Hiep Le came on the show once, to tell the story behind Turing's $14 million Series A:

The company

Turing
Turing is an AI and industrial-IoT company for the water sector, spun out of Gradiant in 2023. Its platforms (TOP Clear for utilities, SmartOps AI for industry) pair IoT sensors with AI analytics to monitor, optimise and remotely operate water and wastewater plants and networks, cutting operating costs and capturing operator know-how as software. It serves utilities, industrial operators and water majors across Asia, North America, Europe and the Middle East.
Founded 2023 · Boston, USA (CEO based in Singapore)

Frequently asked

Who is Hiep Le?
Hiep Le is the CEO of Turing, an AI and IoT company for water that was spun out of Gradiant in 2023. A water-treatment engineer with nearly 28 years operating plants, he founded Turing to turn that operating judgement into software, and the company raised a $14 million Series A in February 2025.
What is Turing, the AI water company?
Turing is a digital-solutions company that applies AI and industrial IoT across the water value chain. Its TOP Clear platform serves utilities and SmartOps AI serves industrial operators, pairing sensors with analytics to monitor and remotely run treatment plants and networks.
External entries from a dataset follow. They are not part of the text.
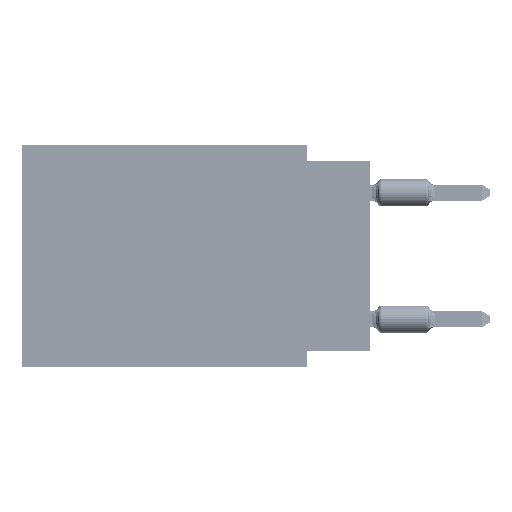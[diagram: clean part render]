
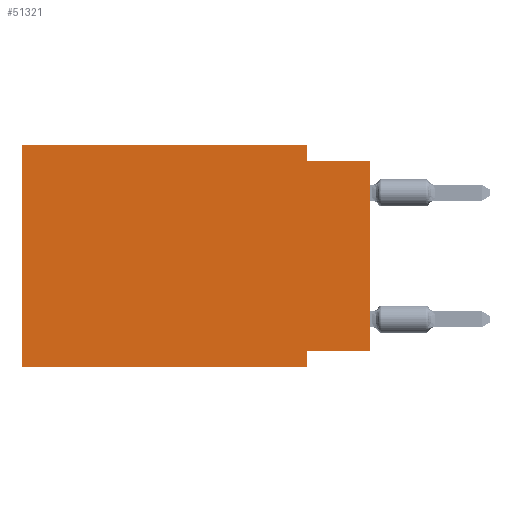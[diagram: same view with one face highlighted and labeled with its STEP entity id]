
A CAD part, left-side view. The second image highlights one B-rep face of the part: STEP entity #51321.
In plain terms, the highlighted planar face has unit normal (-1, 0, 0).
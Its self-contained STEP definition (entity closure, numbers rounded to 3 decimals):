
#792 = VECTOR ( 'NONE', #64874, 1000. ) ;
#1945 = VERTEX_POINT ( 'NONE', #81145 ) ;
#3049 = DIRECTION ( 'NONE',  ( 0., 0., -1. ) ) ;
#3117 = CARTESIAN_POINT ( 'NONE',  ( 0., 2.54, 0. ) ) ;
#3481 = AXIS2_PLACEMENT_3D ( 'NONE', #70855, #31508, #25496 ) ;
#5384 = FACE_OUTER_BOUND ( 'NONE', #62409, .T. ) ;
#5563 = EDGE_CURVE ( 'NONE', #31978, #60734, #44798, .T. ) ;
#8452 = DIRECTION ( 'NONE',  ( 0., -1., 0. ) ) ;
#9068 = LINE ( 'NONE', #59589, #19469 ) ;
#9745 = VECTOR ( 'NONE', #8452, 1000. ) ;
#11559 = LINE ( 'NONE', #37665, #45272 ) ;
#12276 = LINE ( 'NONE', #69625, #78750 ) ;
#12467 = CARTESIAN_POINT ( 'NONE',  ( 0., 2.54, 0. ) ) ;
#16336 = LINE ( 'NONE', #54849, #35073 ) ;
#16602 = LINE ( 'NONE', #82476, #792 ) ;
#18196 = EDGE_CURVE ( 'NONE', #1945, #78821, #16602, .T. ) ;
#18248 = EDGE_CURVE ( 'NONE', #78821, #34418, #12276, .T. ) ;
#18780 = CARTESIAN_POINT ( 'NONE',  ( 0., 2.54, -0.635 ) ) ;
#19469 = VECTOR ( 'NONE', #35179, 1000. ) ;
#23633 = CARTESIAN_POINT ( 'NONE',  ( 0., 13.97, 0. ) ) ;
#25496 = DIRECTION ( 'NONE',  ( 0., 0., -1. ) ) ;
#26452 = CARTESIAN_POINT ( 'NONE',  ( 0., 0., -8.255 ) ) ;
#29392 = ORIENTED_EDGE ( 'NONE', *, *, #32111, .T. ) ;
#30058 = EDGE_CURVE ( 'NONE', #34418, #58044, #61751, .T. ) ;
#31255 = DIRECTION ( 'NONE',  ( 0., 1., 0. ) ) ;
#31508 = DIRECTION ( 'NONE',  ( 1., 0., 0. ) ) ;
#31957 = CARTESIAN_POINT ( 'NONE',  ( 0., 0., 0. ) ) ;
#31978 = VERTEX_POINT ( 'NONE', #26452 ) ;
#32111 = EDGE_CURVE ( 'NONE', #1945, #66722, #40986, .T. ) ;
#32453 = ORIENTED_EDGE ( 'NONE', *, *, #18196, .F. ) ;
#34418 = VERTEX_POINT ( 'NONE', #12467 ) ;
#35073 = VECTOR ( 'NONE', #3049, 1000. ) ;
#35179 = DIRECTION ( 'NONE',  ( 0., -1., 0. ) ) ;
#37391 = VECTOR ( 'NONE', #57637, 1000. ) ;
#37665 = CARTESIAN_POINT ( 'NONE',  ( 0., 0., -8.255 ) ) ;
#40986 = LINE ( 'NONE', #67075, #9745 ) ;
#44798 = LINE ( 'NONE', #31957, #37391 ) ;
#45272 = VECTOR ( 'NONE', #31255, 1000. ) ;
#46290 = VERTEX_POINT ( 'NONE', #84525 ) ;
#49040 = EDGE_CURVE ( 'NONE', #58044, #60734, #9068, .T. ) ;
#50766 = PLANE ( 'NONE',  #3481 ) ;
#51321 = ADVANCED_FACE ( 'NONE', ( #5384 ), #50766, .F. ) ;
#54034 = ORIENTED_EDGE ( 'NONE', *, *, #72241, .F. ) ;
#54849 = CARTESIAN_POINT ( 'NONE',  ( 0., 2.54, -8.89 ) ) ;
#55661 = EDGE_CURVE ( 'NONE', #31978, #46290, #11559, .T. ) ;
#56186 = DIRECTION ( 'NONE',  ( 0., 0., -1. ) ) ;
#56380 = DIRECTION ( 'NONE',  ( 0., -1., 0. ) ) ;
#56520 = ORIENTED_EDGE ( 'NONE', *, *, #18248, .F. ) ;
#57637 = DIRECTION ( 'NONE',  ( 0., 0., 1. ) ) ;
#57997 = CARTESIAN_POINT ( 'NONE',  ( 0., 2.54, -8.89 ) ) ;
#58044 = VERTEX_POINT ( 'NONE', #18780 ) ;
#59336 = ORIENTED_EDGE ( 'NONE', *, *, #30058, .F. ) ;
#59589 = CARTESIAN_POINT ( 'NONE',  ( 0., 0., -0.635 ) ) ;
#60734 = VERTEX_POINT ( 'NONE', #64860 ) ;
#61751 = LINE ( 'NONE', #3117, #79397 ) ;
#62286 = ORIENTED_EDGE ( 'NONE', *, *, #55661, .F. ) ;
#62409 = EDGE_LOOP ( 'NONE', ( #74253, #82866, #59336, #56520, #32453, #29392, #54034, #62286 ) ) ;
#64860 = CARTESIAN_POINT ( 'NONE',  ( 0., 0., -0.635 ) ) ;
#64874 = DIRECTION ( 'NONE',  ( 0., 0., 1. ) ) ;
#66722 = VERTEX_POINT ( 'NONE', #57997 ) ;
#67075 = CARTESIAN_POINT ( 'NONE',  ( 0., 13.97, -8.89 ) ) ;
#69625 = CARTESIAN_POINT ( 'NONE',  ( 0., 13.97, 0. ) ) ;
#70855 = CARTESIAN_POINT ( 'NONE',  ( 0., 13.97, 0. ) ) ;
#72241 = EDGE_CURVE ( 'NONE', #46290, #66722, #16336, .T. ) ;
#74253 = ORIENTED_EDGE ( 'NONE', *, *, #5563, .T. ) ;
#78750 = VECTOR ( 'NONE', #56380, 1000. ) ;
#78821 = VERTEX_POINT ( 'NONE', #23633 ) ;
#79397 = VECTOR ( 'NONE', #56186, 1000. ) ;
#81145 = CARTESIAN_POINT ( 'NONE',  ( 0., 13.97, -8.89 ) ) ;
#82476 = CARTESIAN_POINT ( 'NONE',  ( 0., 13.97, 0. ) ) ;
#82866 = ORIENTED_EDGE ( 'NONE', *, *, #49040, .F. ) ;
#84525 = CARTESIAN_POINT ( 'NONE',  ( 0., 2.54, -8.255 ) ) ;
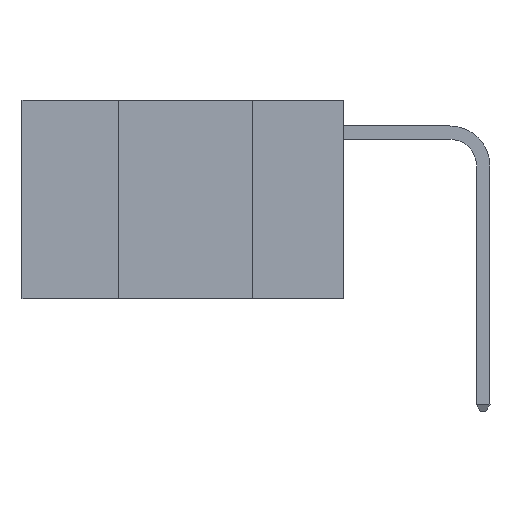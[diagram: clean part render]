
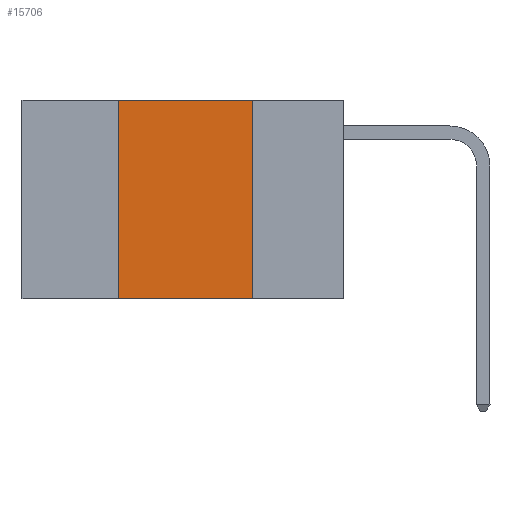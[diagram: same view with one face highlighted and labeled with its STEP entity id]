
A CAD part, left-side view. The second image highlights one B-rep face of the part: STEP entity #15706.
In plain terms, the highlighted planar face has unit normal (-1, 0, 0).
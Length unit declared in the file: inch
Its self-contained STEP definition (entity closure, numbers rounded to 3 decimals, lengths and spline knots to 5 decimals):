
#276 = DIRECTION ( 'NONE',  ( 0., 0., -1. ) ) ;
#886 = CARTESIAN_POINT ( 'NONE',  ( 0., 0.42, 0. ) ) ;
#909 = EDGE_LOOP ( 'NONE', ( #3582, #3209, #13281, #2622 ) ) ;
#1167 = DIRECTION ( 'NONE',  ( 0., -1., 0. ) ) ;
#1270 = LINE ( 'NONE', #5853, #17701 ) ;
#1848 = EDGE_CURVE ( 'NONE', #11623, #16429, #11668, .T. ) ;
#2243 = DIRECTION ( 'NONE',  ( 1., 0., 0. ) ) ;
#2622 = ORIENTED_EDGE ( 'NONE', *, *, #12399, .T. ) ;
#3209 = ORIENTED_EDGE ( 'NONE', *, *, #17516, .F. ) ;
#3312 = VECTOR ( 'NONE', #17788, 39.37008 ) ;
#3582 = ORIENTED_EDGE ( 'NONE', *, *, #1848, .F. ) ;
#3611 = VERTEX_POINT ( 'NONE', #13261 ) ;
#3947 = DIRECTION ( 'NONE',  ( 0., -1., 0. ) ) ;
#4261 = VERTEX_POINT ( 'NONE', #16293 ) ;
#5853 = CARTESIAN_POINT ( 'NONE',  ( 0., 0.6, -0.37 ) ) ;
#7115 = LINE ( 'NONE', #8415, #8289 ) ;
#8156 = DIRECTION ( 'NONE',  ( 0., 0., 1. ) ) ;
#8289 = VECTOR ( 'NONE', #3947, 39.37008 ) ;
#8415 = CARTESIAN_POINT ( 'NONE',  ( 0., 0.6, 0. ) ) ;
#10558 = CARTESIAN_POINT ( 'NONE',  ( 0., 0.17, -0.37 ) ) ;
#11623 = VERTEX_POINT ( 'NONE', #15653 ) ;
#11668 = LINE ( 'NONE', #19071, #3312 ) ;
#11717 = AXIS2_PLACEMENT_3D ( 'NONE', #13834, #2243, #276 ) ;
#12399 = EDGE_CURVE ( 'NONE', #3611, #16429, #1270, .T. ) ;
#13261 = CARTESIAN_POINT ( 'NONE',  ( 0., 0.42, -0.37 ) ) ;
#13281 = ORIENTED_EDGE ( 'NONE', *, *, #19465, .F. ) ;
#13834 = CARTESIAN_POINT ( 'NONE',  ( 0., 0.6, 0. ) ) ;
#15653 = CARTESIAN_POINT ( 'NONE',  ( 0., 0.17, 0. ) ) ;
#15706 = ADVANCED_FACE ( 'NONE', ( #15889 ), #16940, .F. ) ;
#15889 = FACE_OUTER_BOUND ( 'NONE', #909, .T. ) ;
#16293 = CARTESIAN_POINT ( 'NONE',  ( 0., 0.42, 0. ) ) ;
#16429 = VERTEX_POINT ( 'NONE', #10558 ) ;
#16940 = PLANE ( 'NONE',  #11717 ) ;
#17516 = EDGE_CURVE ( 'NONE', #4261, #11623, #7115, .T. ) ;
#17701 = VECTOR ( 'NONE', #1167, 39.37008 ) ;
#17742 = LINE ( 'NONE', #886, #19440 ) ;
#17788 = DIRECTION ( 'NONE',  ( 0., 0., -1. ) ) ;
#19071 = CARTESIAN_POINT ( 'NONE',  ( 0., 0.17, 0. ) ) ;
#19440 = VECTOR ( 'NONE', #8156, 39.37008 ) ;
#19465 = EDGE_CURVE ( 'NONE', #3611, #4261, #17742, .T. ) ;
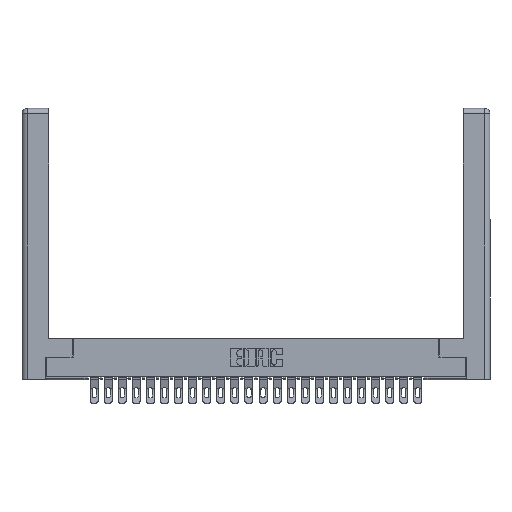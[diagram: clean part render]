
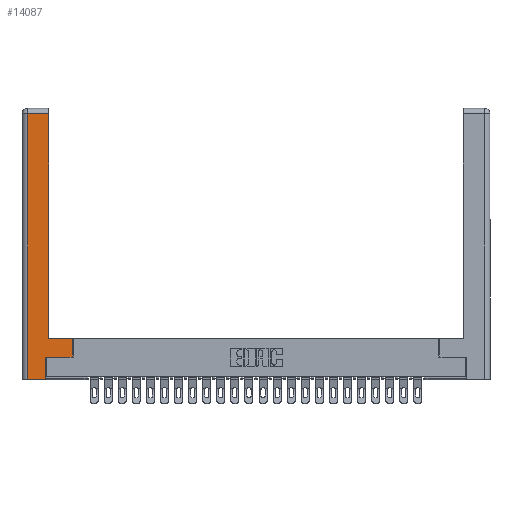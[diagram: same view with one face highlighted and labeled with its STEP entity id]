
A CAD part, top view. The second image highlights one B-rep face of the part: STEP entity #14087.
In plain terms, the highlighted planar face has unit normal (0, 0, 1).
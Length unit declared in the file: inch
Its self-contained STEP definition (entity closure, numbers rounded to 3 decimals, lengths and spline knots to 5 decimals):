
#140 = VECTOR ( 'NONE', #29383, 39.37008 ) ;
#393 = CARTESIAN_POINT ( 'NONE',  ( 0., 0., 0. ) ) ;
#596 = ORIENTED_EDGE ( 'NONE', *, *, #10274, .T. ) ;
#607 = CARTESIAN_POINT ( 'NONE',  ( 0.565, 0.45, 0. ) ) ;
#737 = CARTESIAN_POINT ( 'NONE',  ( 0.265, 0.245, 0. ) ) ;
#770 = EDGE_CURVE ( 'NONE', #25797, #5148, #16529, .T. ) ;
#965 = ORIENTED_EDGE ( 'NONE', *, *, #6353, .T. ) ;
#1071 = DIRECTION ( 'NONE',  ( -1., 0., 0. ) ) ;
#1196 = DIRECTION ( 'NONE',  ( 0., -1., 0. ) ) ;
#1230 = EDGE_CURVE ( 'NONE', #17738, #18149, #14235, .T. ) ;
#1509 = VECTOR ( 'NONE', #27169, 39.37008 ) ;
#2412 = VECTOR ( 'NONE', #15438, 39.37008 ) ;
#2758 = CARTESIAN_POINT ( 'NONE',  ( 0.265, 0., 0. ) ) ;
#2802 = LINE ( 'NONE', #6100, #16536 ) ;
#2895 = EDGE_LOOP ( 'NONE', ( #13159, #19939, #596, #9779, #965, #6769, #21642, #23962 ) ) ;
#3408 = CARTESIAN_POINT ( 'NONE',  ( 0.565, 0.245, 0. ) ) ;
#3843 = EDGE_CURVE ( 'NONE', #30187, #17738, #9323, .T. ) ;
#3848 = EDGE_CURVE ( 'NONE', #18149, #25797, #2802, .T. ) ;
#4558 = DIRECTION ( 'NONE',  ( -1., 0., 0. ) ) ;
#4582 = LINE ( 'NONE', #2758, #1509 ) ;
#4900 = VECTOR ( 'NONE', #4558, 39.37008 ) ;
#5148 = VERTEX_POINT ( 'NONE', #16999 ) ;
#5633 = CARTESIAN_POINT ( 'NONE',  ( 0.565, 0.245, 0. ) ) ;
#6100 = CARTESIAN_POINT ( 'NONE',  ( 0.295, 0.45, 0. ) ) ;
#6353 = EDGE_CURVE ( 'NONE', #12107, #30187, #6551, .T. ) ;
#6551 = LINE ( 'NONE', #737, #17167 ) ;
#6769 = ORIENTED_EDGE ( 'NONE', *, *, #3843, .T. ) ;
#7019 = CARTESIAN_POINT ( 'NONE',  ( 0.0615, 2.94, 0. ) ) ;
#7121 = VECTOR ( 'NONE', #1196, 39.37008 ) ;
#7128 = VERTEX_POINT ( 'NONE', #8511 ) ;
#7642 = PLANE ( 'NONE',  #8730 ) ;
#7663 = CARTESIAN_POINT ( 'NONE',  ( 0.295, 0.45, 0. ) ) ;
#8212 = DIRECTION ( 'NONE',  ( 0., 1., 0. ) ) ;
#8511 = CARTESIAN_POINT ( 'NONE',  ( 0.0615, 0., 0. ) ) ;
#8730 = AXIS2_PLACEMENT_3D ( 'NONE', #393, #14683, #24711 ) ;
#9047 = DIRECTION ( 'NONE',  ( 0., 1., 0. ) ) ;
#9323 = LINE ( 'NONE', #3408, #2412 ) ;
#9779 = ORIENTED_EDGE ( 'NONE', *, *, #14719, .T. ) ;
#10274 = EDGE_CURVE ( 'NONE', #14665, #7128, #26851, .T. ) ;
#11374 = LINE ( 'NONE', #7019, #4900 ) ;
#12107 = VERTEX_POINT ( 'NONE', #31196 ) ;
#13159 = ORIENTED_EDGE ( 'NONE', *, *, #770, .T. ) ;
#14087 = ADVANCED_FACE ( 'NONE', ( #27759 ), #7642, .F. ) ;
#14235 = LINE ( 'NONE', #607, #140 ) ;
#14440 = CARTESIAN_POINT ( 'NONE',  ( 0.565, 0.45, 0. ) ) ;
#14665 = VERTEX_POINT ( 'NONE', #17035 ) ;
#14683 = DIRECTION ( 'NONE',  ( 0., 0., -1. ) ) ;
#14719 = EDGE_CURVE ( 'NONE', #7128, #12107, #4582, .T. ) ;
#15438 = DIRECTION ( 'NONE',  ( 1., 0., 0. ) ) ;
#16529 = LINE ( 'NONE', #16684, #23734 ) ;
#16536 = VECTOR ( 'NONE', #1071, 39.37008 ) ;
#16684 = CARTESIAN_POINT ( 'NONE',  ( 0.295, 3., 0. ) ) ;
#16999 = CARTESIAN_POINT ( 'NONE',  ( 0.295, 2.94, 0. ) ) ;
#17035 = CARTESIAN_POINT ( 'NONE',  ( 0.0615, 2.94, 0. ) ) ;
#17167 = VECTOR ( 'NONE', #8212, 39.37008 ) ;
#17213 = CARTESIAN_POINT ( 'NONE',  ( 0.265, 0.245, 0. ) ) ;
#17738 = VERTEX_POINT ( 'NONE', #5633 ) ;
#18020 = CARTESIAN_POINT ( 'NONE',  ( 0.0615, 0., 0. ) ) ;
#18149 = VERTEX_POINT ( 'NONE', #14440 ) ;
#19939 = ORIENTED_EDGE ( 'NONE', *, *, #26364, .T. ) ;
#21642 = ORIENTED_EDGE ( 'NONE', *, *, #1230, .T. ) ;
#23734 = VECTOR ( 'NONE', #9047, 39.37008 ) ;
#23962 = ORIENTED_EDGE ( 'NONE', *, *, #3848, .T. ) ;
#24711 = DIRECTION ( 'NONE',  ( -1., 0., 0. ) ) ;
#25797 = VERTEX_POINT ( 'NONE', #7663 ) ;
#26364 = EDGE_CURVE ( 'NONE', #5148, #14665, #11374, .T. ) ;
#26851 = LINE ( 'NONE', #18020, #7121 ) ;
#27169 = DIRECTION ( 'NONE',  ( 1., 0., 0. ) ) ;
#27759 = FACE_OUTER_BOUND ( 'NONE', #2895, .T. ) ;
#29383 = DIRECTION ( 'NONE',  ( 0., 1., 0. ) ) ;
#30187 = VERTEX_POINT ( 'NONE', #17213 ) ;
#31196 = CARTESIAN_POINT ( 'NONE',  ( 0.265, 0., 0. ) ) ;

Turing was spun out of Gradiant in 2023 and operates independently.
How is Turing related to Gradiant?
Turing was spun out of Gradiant in 2023 as an independent company, with Gradiant holding a minority stake. It grew from a SmartOps product line Hiep Le started inside Gradiant in 2021, plus two digital startups, Synauta and SpaceAge Labs. Turing runs plants for Gradiant clients but sells to the whole industry.
How much funding has Turing raised?
Turing raised a $14 million Series A in February 2025, led by Safar Partners, to scale its AI water-management platforms and expand globally. The round is the market's first major bet on Turing as an independent company, which aims to follow Gradiant's path toward unicorn status over five to seven years.
Where is Hiep Le based, and where can I hear him?
Hiep Le is based in Singapore, where Turing is strongest, though the company is headquartered in Boston. He appeared once on the (don't) Waste Water podcast, in 2025, to tell the story behind Turing's $14 million Series A; that episode is linked above to read, listen to or watch.
Is Hiep Le the same as Turing?
No. Hiep Le is the person, the CEO and founding leader of Turing; Turing is the company, an AI-for-water business spun out of Gradiant. Hiep Le previously held senior engineering roles at Gradiant and Osmoflo before carving Turing's digital products out into an independent company in 2023.